[Records from a collection]
======

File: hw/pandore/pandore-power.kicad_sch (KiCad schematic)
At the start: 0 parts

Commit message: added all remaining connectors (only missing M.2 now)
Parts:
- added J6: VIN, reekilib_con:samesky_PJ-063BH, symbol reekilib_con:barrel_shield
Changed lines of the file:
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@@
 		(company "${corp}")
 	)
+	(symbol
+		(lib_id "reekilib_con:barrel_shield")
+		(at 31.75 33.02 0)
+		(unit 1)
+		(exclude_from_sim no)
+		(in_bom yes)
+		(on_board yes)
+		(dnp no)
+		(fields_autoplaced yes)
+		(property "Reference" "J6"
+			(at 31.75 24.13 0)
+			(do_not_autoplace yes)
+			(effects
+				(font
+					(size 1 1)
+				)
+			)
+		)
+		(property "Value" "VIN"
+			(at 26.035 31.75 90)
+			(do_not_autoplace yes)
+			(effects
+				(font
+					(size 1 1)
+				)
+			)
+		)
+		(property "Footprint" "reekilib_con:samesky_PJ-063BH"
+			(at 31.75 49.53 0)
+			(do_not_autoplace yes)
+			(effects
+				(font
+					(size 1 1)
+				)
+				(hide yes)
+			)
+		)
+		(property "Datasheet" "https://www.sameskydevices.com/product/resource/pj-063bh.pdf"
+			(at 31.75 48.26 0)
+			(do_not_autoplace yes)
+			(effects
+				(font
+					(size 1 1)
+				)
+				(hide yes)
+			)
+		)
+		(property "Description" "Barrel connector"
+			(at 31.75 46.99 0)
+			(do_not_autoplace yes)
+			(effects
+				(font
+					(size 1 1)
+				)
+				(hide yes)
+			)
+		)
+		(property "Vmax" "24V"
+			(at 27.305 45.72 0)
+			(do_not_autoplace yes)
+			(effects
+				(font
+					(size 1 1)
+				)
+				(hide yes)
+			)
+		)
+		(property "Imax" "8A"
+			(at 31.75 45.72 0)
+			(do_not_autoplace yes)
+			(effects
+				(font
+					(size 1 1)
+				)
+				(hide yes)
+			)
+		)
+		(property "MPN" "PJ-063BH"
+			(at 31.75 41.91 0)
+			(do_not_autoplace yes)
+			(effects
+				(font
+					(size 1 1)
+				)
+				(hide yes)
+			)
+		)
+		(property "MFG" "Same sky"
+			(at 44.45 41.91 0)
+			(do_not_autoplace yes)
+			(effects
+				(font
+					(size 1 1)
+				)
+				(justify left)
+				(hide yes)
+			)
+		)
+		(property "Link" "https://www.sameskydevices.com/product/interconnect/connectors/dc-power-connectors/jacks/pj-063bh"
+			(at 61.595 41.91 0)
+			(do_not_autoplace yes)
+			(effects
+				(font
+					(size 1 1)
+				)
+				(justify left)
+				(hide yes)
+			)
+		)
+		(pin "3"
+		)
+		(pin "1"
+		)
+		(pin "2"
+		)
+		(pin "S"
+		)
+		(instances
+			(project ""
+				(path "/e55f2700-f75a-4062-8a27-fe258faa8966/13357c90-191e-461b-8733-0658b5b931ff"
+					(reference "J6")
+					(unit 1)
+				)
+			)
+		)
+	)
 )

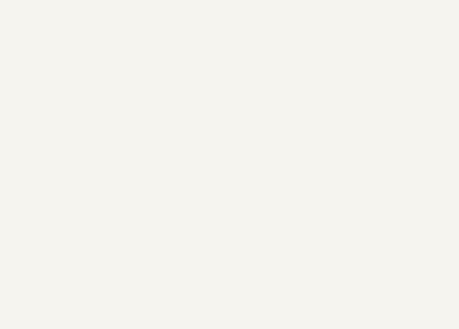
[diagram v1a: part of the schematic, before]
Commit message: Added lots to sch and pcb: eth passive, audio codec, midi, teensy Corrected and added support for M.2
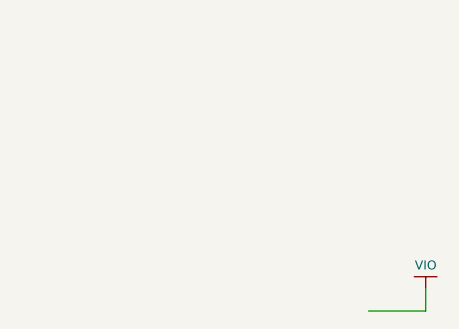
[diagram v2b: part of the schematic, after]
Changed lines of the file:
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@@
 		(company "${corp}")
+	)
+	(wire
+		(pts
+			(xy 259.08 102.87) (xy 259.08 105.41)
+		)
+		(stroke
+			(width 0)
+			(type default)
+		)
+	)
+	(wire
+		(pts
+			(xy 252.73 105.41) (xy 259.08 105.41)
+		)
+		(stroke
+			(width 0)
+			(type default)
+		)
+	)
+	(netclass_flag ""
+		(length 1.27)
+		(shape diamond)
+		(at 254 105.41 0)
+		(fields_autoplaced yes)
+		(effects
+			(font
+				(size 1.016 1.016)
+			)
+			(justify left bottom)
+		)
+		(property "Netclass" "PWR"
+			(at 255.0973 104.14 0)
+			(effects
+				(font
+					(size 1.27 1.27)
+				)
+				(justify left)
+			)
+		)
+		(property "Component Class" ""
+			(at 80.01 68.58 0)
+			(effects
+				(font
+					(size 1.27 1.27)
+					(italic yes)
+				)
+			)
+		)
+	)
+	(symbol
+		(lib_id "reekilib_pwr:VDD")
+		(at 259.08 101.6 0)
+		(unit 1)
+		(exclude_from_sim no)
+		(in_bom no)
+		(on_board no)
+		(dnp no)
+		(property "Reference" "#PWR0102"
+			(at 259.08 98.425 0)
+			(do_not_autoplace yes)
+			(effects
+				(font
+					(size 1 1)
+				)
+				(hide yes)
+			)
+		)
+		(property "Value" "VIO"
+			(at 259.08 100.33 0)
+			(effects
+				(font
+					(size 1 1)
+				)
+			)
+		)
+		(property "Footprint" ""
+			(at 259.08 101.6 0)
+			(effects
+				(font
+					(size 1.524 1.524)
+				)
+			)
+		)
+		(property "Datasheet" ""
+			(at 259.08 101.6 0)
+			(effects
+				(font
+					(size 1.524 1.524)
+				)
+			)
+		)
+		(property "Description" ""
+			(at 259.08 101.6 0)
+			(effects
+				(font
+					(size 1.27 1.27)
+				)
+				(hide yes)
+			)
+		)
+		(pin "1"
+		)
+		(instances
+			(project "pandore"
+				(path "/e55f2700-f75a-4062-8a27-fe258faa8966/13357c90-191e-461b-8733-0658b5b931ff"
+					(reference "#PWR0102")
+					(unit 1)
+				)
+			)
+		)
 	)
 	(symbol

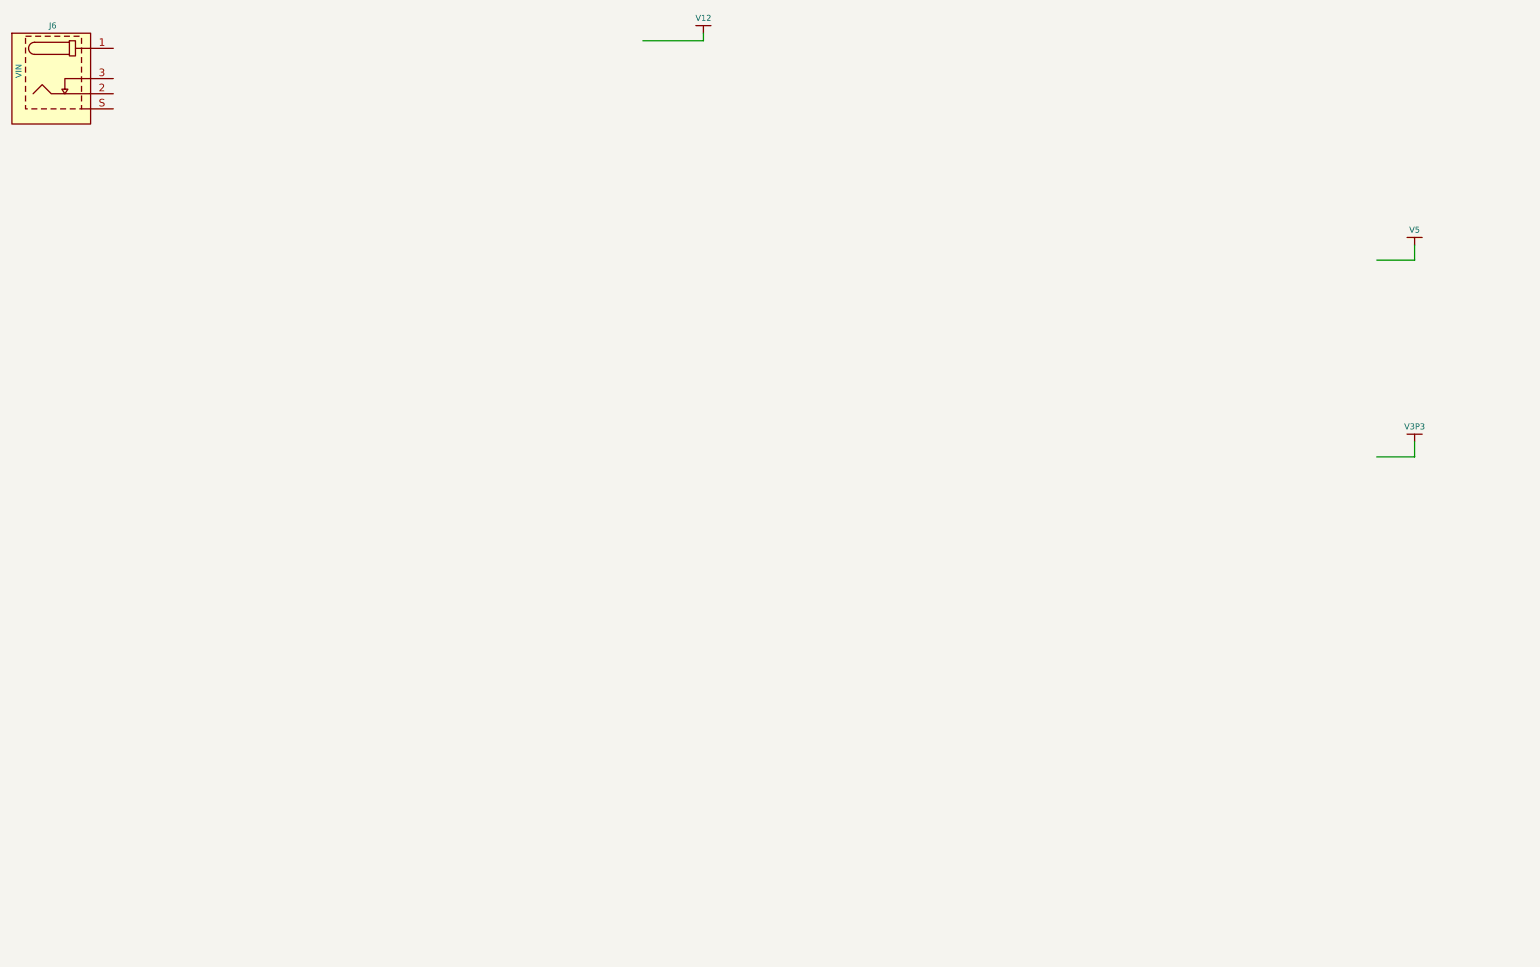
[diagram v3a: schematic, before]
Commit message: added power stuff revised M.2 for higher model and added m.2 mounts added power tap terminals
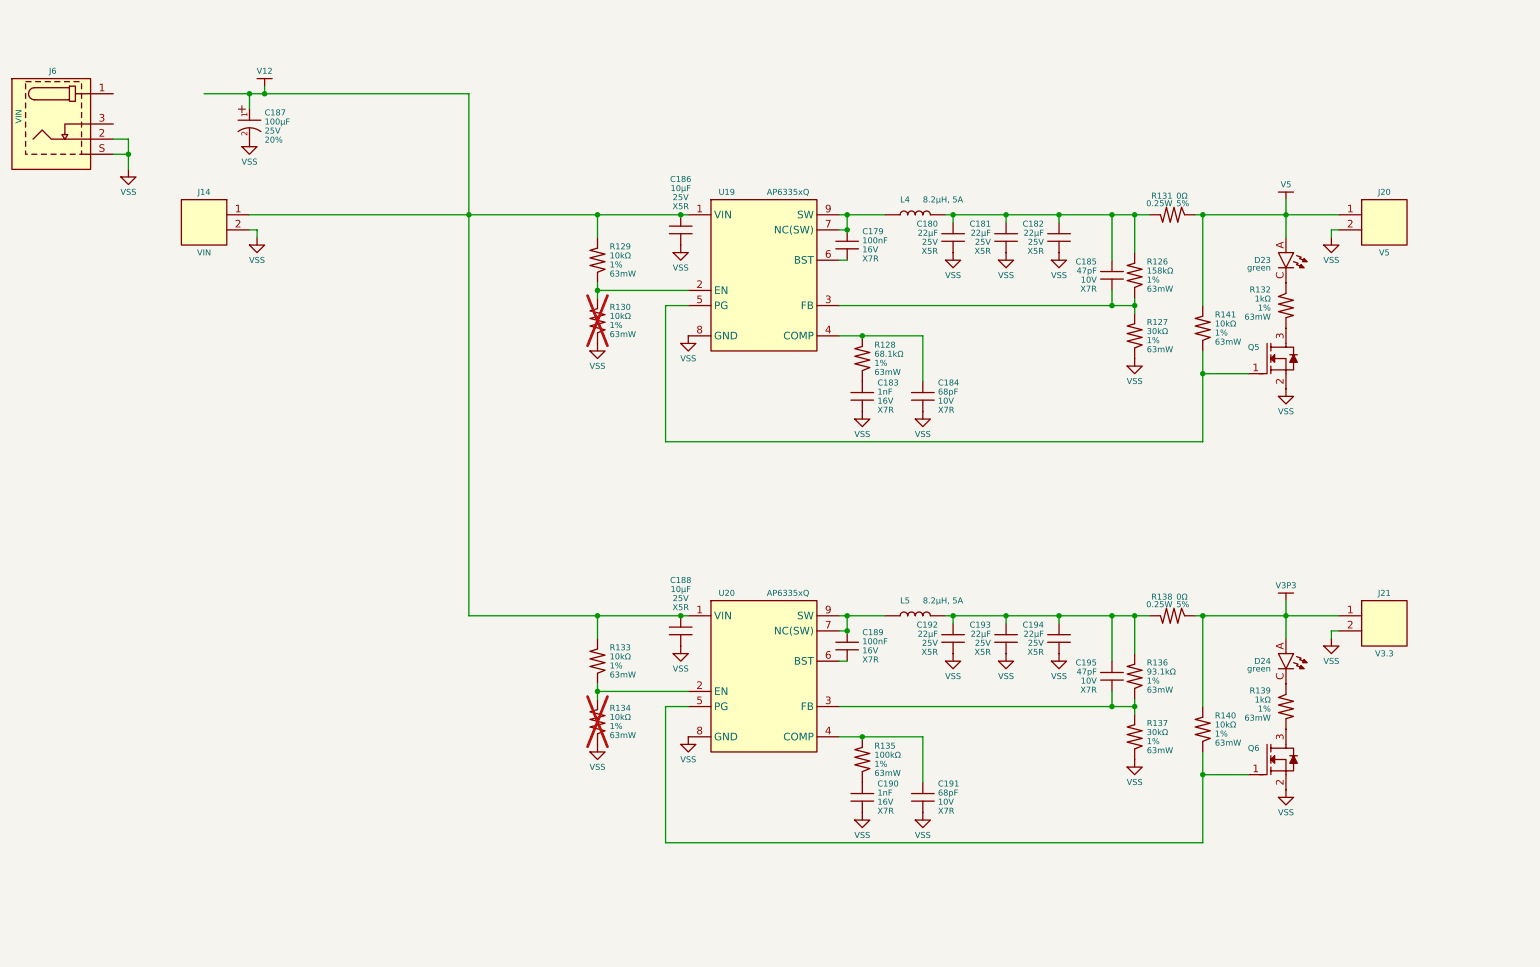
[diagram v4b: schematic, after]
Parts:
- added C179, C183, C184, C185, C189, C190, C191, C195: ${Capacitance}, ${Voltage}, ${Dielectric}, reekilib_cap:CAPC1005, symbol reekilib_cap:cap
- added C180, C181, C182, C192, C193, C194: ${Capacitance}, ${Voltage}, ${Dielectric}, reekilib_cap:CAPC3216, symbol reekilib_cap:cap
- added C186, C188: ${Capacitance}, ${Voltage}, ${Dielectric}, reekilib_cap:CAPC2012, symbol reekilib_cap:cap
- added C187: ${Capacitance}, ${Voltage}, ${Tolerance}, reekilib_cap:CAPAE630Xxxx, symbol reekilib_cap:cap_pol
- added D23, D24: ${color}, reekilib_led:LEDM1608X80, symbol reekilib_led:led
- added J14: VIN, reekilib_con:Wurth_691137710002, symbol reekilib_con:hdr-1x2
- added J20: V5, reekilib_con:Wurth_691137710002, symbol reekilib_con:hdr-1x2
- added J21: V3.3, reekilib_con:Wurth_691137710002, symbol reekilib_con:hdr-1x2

======

ACTION ITEM
Omitting all pictures, reproduce the records above in their entirety.

SOLUTION TO THIS PROBLEM
File: hw/pandore/pandore-power.kicad_sch (KiCad schematic)
At the start: 0 parts

Commit message: added all remaining connectors (only missing M.2 now)
Parts:
- added J6: VIN, reekilib_con:samesky_PJ-063BH, symbol reekilib_con:barrel_shield
Changed lines of the file:
@@
 		(company "${corp}")
 	)
+	(symbol
+		(lib_id "reekilib_con:barrel_shield")
+		(at 31.75 33.02 0)
+		(unit 1)
+		(exclude_from_sim no)
+		(in_bom yes)
+		(on_board yes)
+		(dnp no)
+		(fields_autoplaced yes)
+		(property "Reference" "J6"
+			(at 31.75 24.13 0)
+			(do_not_autoplace yes)
+			(effects
+				(font
+					(size 1 1)
+				)
+			)
+		)
+		(property "Value" "VIN"
+			(at 26.035 31.75 90)
+			(do_not_autoplace yes)
+			(effects
+				(font
+					(size 1 1)
+				)
+			)
+		)
+		(property "Footprint" "reekilib_con:samesky_PJ-063BH"
+			(at 31.75 49.53 0)
+			(do_not_autoplace yes)
+			(effects
+				(font
+					(size 1 1)
+				)
+				(hide yes)
+			)
+		)
+		(property "Datasheet" "https://www.sameskydevices.com/product/resource/pj-063bh.pdf"
+			(at 31.75 48.26 0)
+			(do_not_autoplace yes)
+			(effects
+				(font
+					(size 1 1)
+				)
+				(hide yes)
+			)
+		)
+		(property "Description" "Barrel connector"
+			(at 31.75 46.99 0)
+			(do_not_autoplace yes)
+			(effects
+				(font
+					(size 1 1)
+				)
+				(hide yes)
+			)
+		)
+		(property "Vmax" "24V"
+			(at 27.305 45.72 0)
+			(do_not_autoplace yes)
+			(effects
+				(font
+					(size 1 1)
+				)
+				(hide yes)
+			)
+		)
+		(property "Imax" "8A"
+			(at 31.75 45.72 0)
+			(do_not_autoplace yes)
+			(effects
+				(font
+					(size 1 1)
+				)
+				(hide yes)
+			)
+		)
+		(property "MPN" "PJ-063BH"
+			(at 31.75 41.91 0)
+			(do_not_autoplace yes)
+			(effects
+				(font
+					(size 1 1)
+				)
+				(hide yes)
+			)
+		)
+		(property "MFG" "Same sky"
+			(at 44.45 41.91 0)
+			(do_not_autoplace yes)
+			(effects
+				(font
+					(size 1 1)
+				)
+				(justify left)
+				(hide yes)
+			)
+		)
+		(property "Link" "https://www.sameskydevices.com/product/interconnect/connectors/dc-power-connectors/jacks/pj-063bh"
+			(at 61.595 41.91 0)
+			(do_not_autoplace yes)
+			(effects
+				(font
+					(size 1 1)
+				)
+				(justify left)
+				(hide yes)
+			)
+		)
+		(pin "3"
+		)
+		(pin "1"
+		)
+		(pin "2"
+		)
+		(pin "S"
+		)
+		(instances
+			(project ""
+				(path "/e55f2700-f75a-4062-8a27-fe258faa8966/13357c90-191e-461b-8733-0658b5b931ff"
+					(reference "J6")
+					(unit 1)
+				)
+			)
+		)
+	)
 )

[diagram v1a: part of the schematic, before]
Commit message: Added lots to sch and pcb: eth passive, audio codec, midi, teensy Corrected and added support for M.2
[diagram v2b: part of the schematic, after]
Changed lines of the file:
@@
 		(company "${corp}")
+	)
+	(wire
+		(pts
+			(xy 259.08 102.87) (xy 259.08 105.41)
+		)
+		(stroke
+			(width 0)
+			(type default)
+		)
+	)
+	(wire
+		(pts
+			(xy 252.73 105.41) (xy 259.08 105.41)
+		)
+		(stroke
+			(width 0)
+			(type default)
+		)
+	)
+	(netclass_flag ""
+		(length 1.27)
+		(shape diamond)
+		(at 254 105.41 0)
+		(fields_autoplaced yes)
+		(effects
+			(font
+				(size 1.016 1.016)
+			)
+			(justify left bottom)
+		)
+		(property "Netclass" "PWR"
+			(at 255.0973 104.14 0)
+			(effects
+				(font
+					(size 1.27 1.27)
+				)
+				(justify left)
+			)
+		)
+		(property "Component Class" ""
+			(at 80.01 68.58 0)
+			(effects
+				(font
+					(size 1.27 1.27)
+					(italic yes)
+				)
+			)
+		)
+	)
+	(symbol
+		(lib_id "reekilib_pwr:VDD")
+		(at 259.08 101.6 0)
+		(unit 1)
+		(exclude_from_sim no)
+		(in_bom no)
+		(on_board no)
+		(dnp no)
+		(property "Reference" "#PWR0102"
+			(at 259.08 98.425 0)
+			(do_not_autoplace yes)
+			(effects
+				(font
+					(size 1 1)
+				)
+				(hide yes)
+			)
+		)
+		(property "Value" "VIO"
+			(at 259.08 100.33 0)
+			(effects
+				(font
+					(size 1 1)
+				)
+			)
+		)
+		(property "Footprint" ""
+			(at 259.08 101.6 0)
+			(effects
+				(font
+					(size 1.524 1.524)
+				)
+			)
+		)
+		(property "Datasheet" ""
+			(at 259.08 101.6 0)
+			(effects
+				(font
+					(size 1.524 1.524)
+				)
+			)
+		)
+		(property "Description" ""
+			(at 259.08 101.6 0)
+			(effects
+				(font
+					(size 1.27 1.27)
+				)
+				(hide yes)
+			)
+		)
+		(pin "1"
+		)
+		(instances
+			(project "pandore"
+				(path "/e55f2700-f75a-4062-8a27-fe258faa8966/13357c90-191e-461b-8733-0658b5b931ff"
+					(reference "#PWR0102")
+					(unit 1)
+				)
+			)
+		)
 	)
 	(symbol

[diagram v3a: schematic, before]
Commit message: added power stuff revised M.2 for higher model and added m.2 mounts added power tap terminals
[diagram v4b: schematic, after]
Parts:
- added C179, C183, C184, C185, C189, C190, C191, C195: ${Capacitance}, ${Voltage}, ${Dielectric}, reekilib_cap:CAPC1005, symbol reekilib_cap:cap
- added C180, C181, C182, C192, C193, C194: ${Capacitance}, ${Voltage}, ${Dielectric}, reekilib_cap:CAPC3216, symbol reekilib_cap:cap
- added C186, C188: ${Capacitance}, ${Voltage}, ${Dielectric}, reekilib_cap:CAPC2012, symbol reekilib_cap:cap
- added C187: ${Capacitance}, ${Voltage}, ${Tolerance}, reekilib_cap:CAPAE630Xxxx, symbol reekilib_cap:cap_pol
- added D23, D24: ${color}, reekilib_led:LEDM1608X80, symbol reekilib_led:led
- added J14: VIN, reekilib_con:Wurth_691137710002, symbol reekilib_con:hdr-1x2
- added J20: V5, reekilib_con:Wurth_691137710002, symbol reekilib_con:hdr-1x2
- added J21: V3.3, reekilib_con:Wurth_691137710002, symbol reekilib_con:hdr-1x2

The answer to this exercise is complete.